To address growth in the western portion of the county, the district began construction on West Ridge High School in 2025. The 340,000-square-foot facility is expected to be completed in August 2027, making it the first new high school to open in Chesterfield County since Cosby High School in 2006.

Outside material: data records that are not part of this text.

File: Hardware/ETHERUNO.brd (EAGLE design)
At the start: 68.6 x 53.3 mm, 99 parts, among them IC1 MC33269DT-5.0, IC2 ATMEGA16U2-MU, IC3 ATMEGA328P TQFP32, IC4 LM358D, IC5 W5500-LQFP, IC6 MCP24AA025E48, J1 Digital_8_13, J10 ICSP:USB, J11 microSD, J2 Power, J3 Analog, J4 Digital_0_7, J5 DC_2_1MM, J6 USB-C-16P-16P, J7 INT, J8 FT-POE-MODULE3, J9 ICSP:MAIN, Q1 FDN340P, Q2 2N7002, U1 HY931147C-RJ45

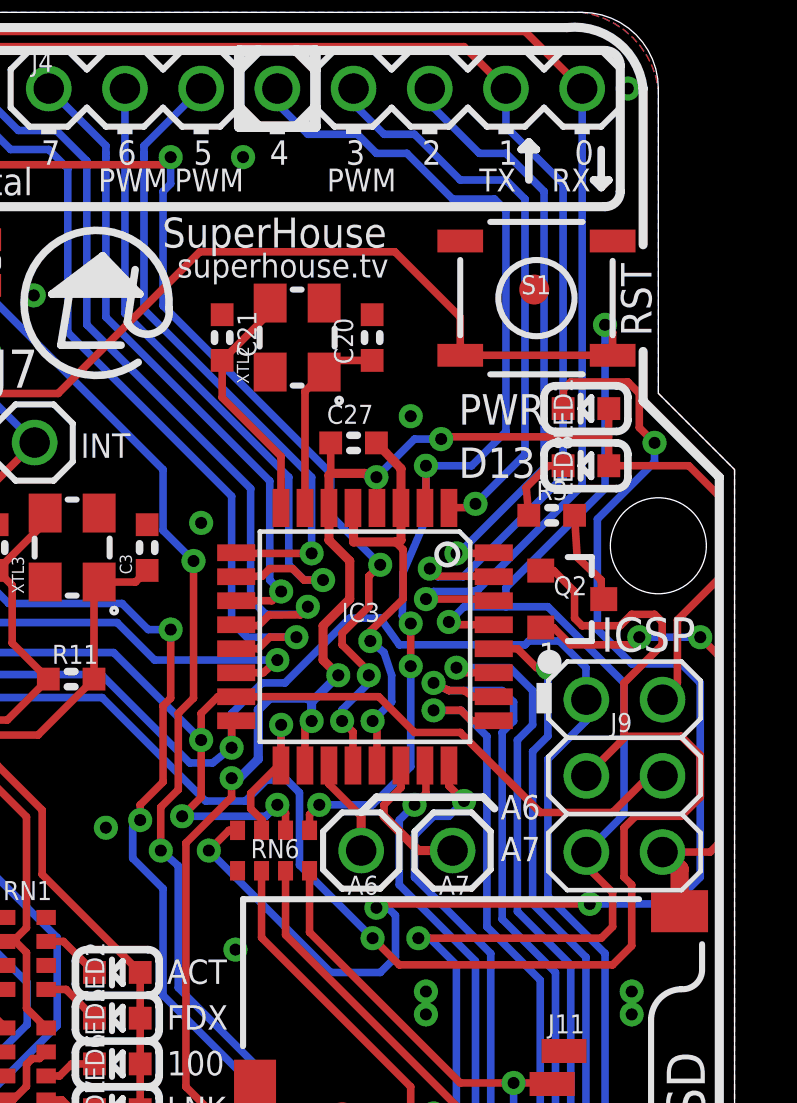
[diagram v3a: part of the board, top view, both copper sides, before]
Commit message: Added cut-track jumper to isolate D4 from SD_CS
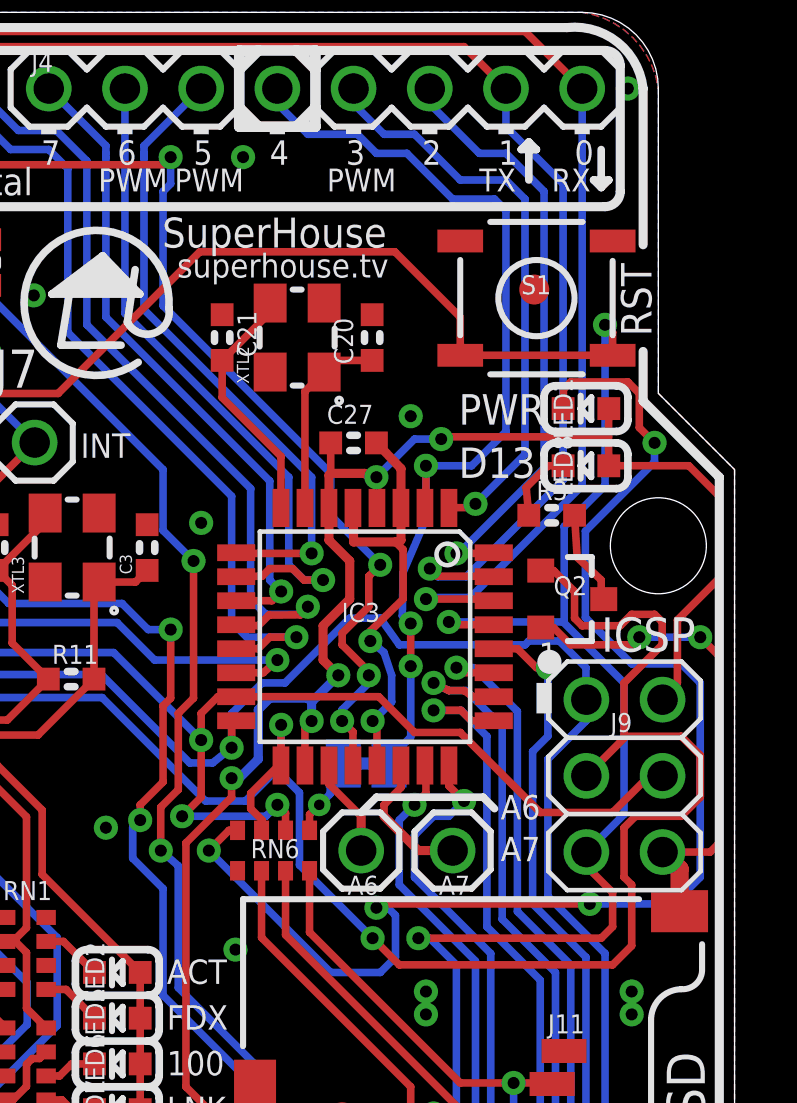
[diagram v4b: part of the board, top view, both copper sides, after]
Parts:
- added U$2: SJC-NORMAL, SuperHouse-Jumpers:SJC
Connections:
- new net N$44: RN6.5, U$2.1
- net D4: now also U$2.2; no longer RN6.5
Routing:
- net D4: track 36.4 -> 32.3 mm, vias 4 -> 3
- net N$44: track 0.00 -> 2.69 mm, vias 0 -> 1
- net A4_SDA: track 124.3 -> 123.2 mm
- net A3: track 35.5 -> 34.4 mm
- net RESET: track 127.0 -> 126.3 mm
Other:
- board text added: "D4"

| Name | Address | Specialty center(s) | Image |
|---|---|---|---|
| Lloyd C. Bird High School | 10301 Courthouse Road, Chesterfield, Virginia 23832 | Governor's Academy for Engineering Studies |  |
| Clover Hill High School | 13301 Kelly Green Lane, Midlothian, Virginia 23112 | Mathematics and Science High School at Clover Hill |  |
| Cosby High School | 14300 Fox Club Parkway, Midlothian, Virginia 23112 | Governor's Academy for Health Science |  |
| Thomas Dale High School | 3626 W. Hundred Road, Chester, Virginia 23831 (main campus) 3900 W. Hundred Road, Chester, Virginia 23831 (west campus) | Visual and Performing Arts | (main campus) (west campus) |
| James River High School | 3700 James River Road, Midlothian, Virginia 23113 | Leadership and International Relations |  |
| Manchester High School | 12601 Bailey Bridge Road, Midlothian, Virginia 23112 | Mass Communications Spanish Immersion |  |
| Matoaca High School | 17700 Longhouse Lane, Chesterfield, Virginia 23838 | Innovative Technology |  |
| Meadowbrook High School | 4901 Cogbill Road, North Chesterfield, Virginia 23234 | International Baccalaureate Meadowbrook Academy for Developing Entrepreneurs (MADE) |  |
| Midlothian High School | 401 Charter Colony Parkway, Midlothian, Virginia 23114 | International Baccalaureate |  |
| Monacan High School | 11501 Smoketree Drive, North Chesterfield, Virginia 23236 | Health Professions and Therapies Humanities |  |
| West Ridge High School |  |  | (slated to open August 2027) |

====Technical centers====
High school students may also take courses at the following technical centers:

| Name | Address | Notes | Image |
|---|---|---|---|
| Career and Technical Center @ Courthouse Road | 10101 Courthouse Road, North Chesterfield, Virginia 23832 | Technical center serving students from all county high schools |  |
| Career and Technical Center @ Hull Street Road | 13900 Hull Street Road, Midlothian, Virginia 23112 | Technical center serving students from all county high schools |  |
| Carver College and Career Academy | 12400 Branders Bridge Road, Chester, Virginia 23831 | Home to the Culinary, Business, and Construction programs |  |

==Governor's schools==
Chesterfield County students may apply to the following governor's schools:
- Appomattox Regional Governor's School for the Arts and Technology
- Maggie L. Walker Governor's School for Government and International Studies

== Secondary Advanced Course Offerings ==
CCPS offers Advanced Placement (AP) courses, Dual Enrollment (DE) courses from Brightpoint Community College, and International Baccalaureate (IB) courses at Midlothian and Meadowbrook high schools.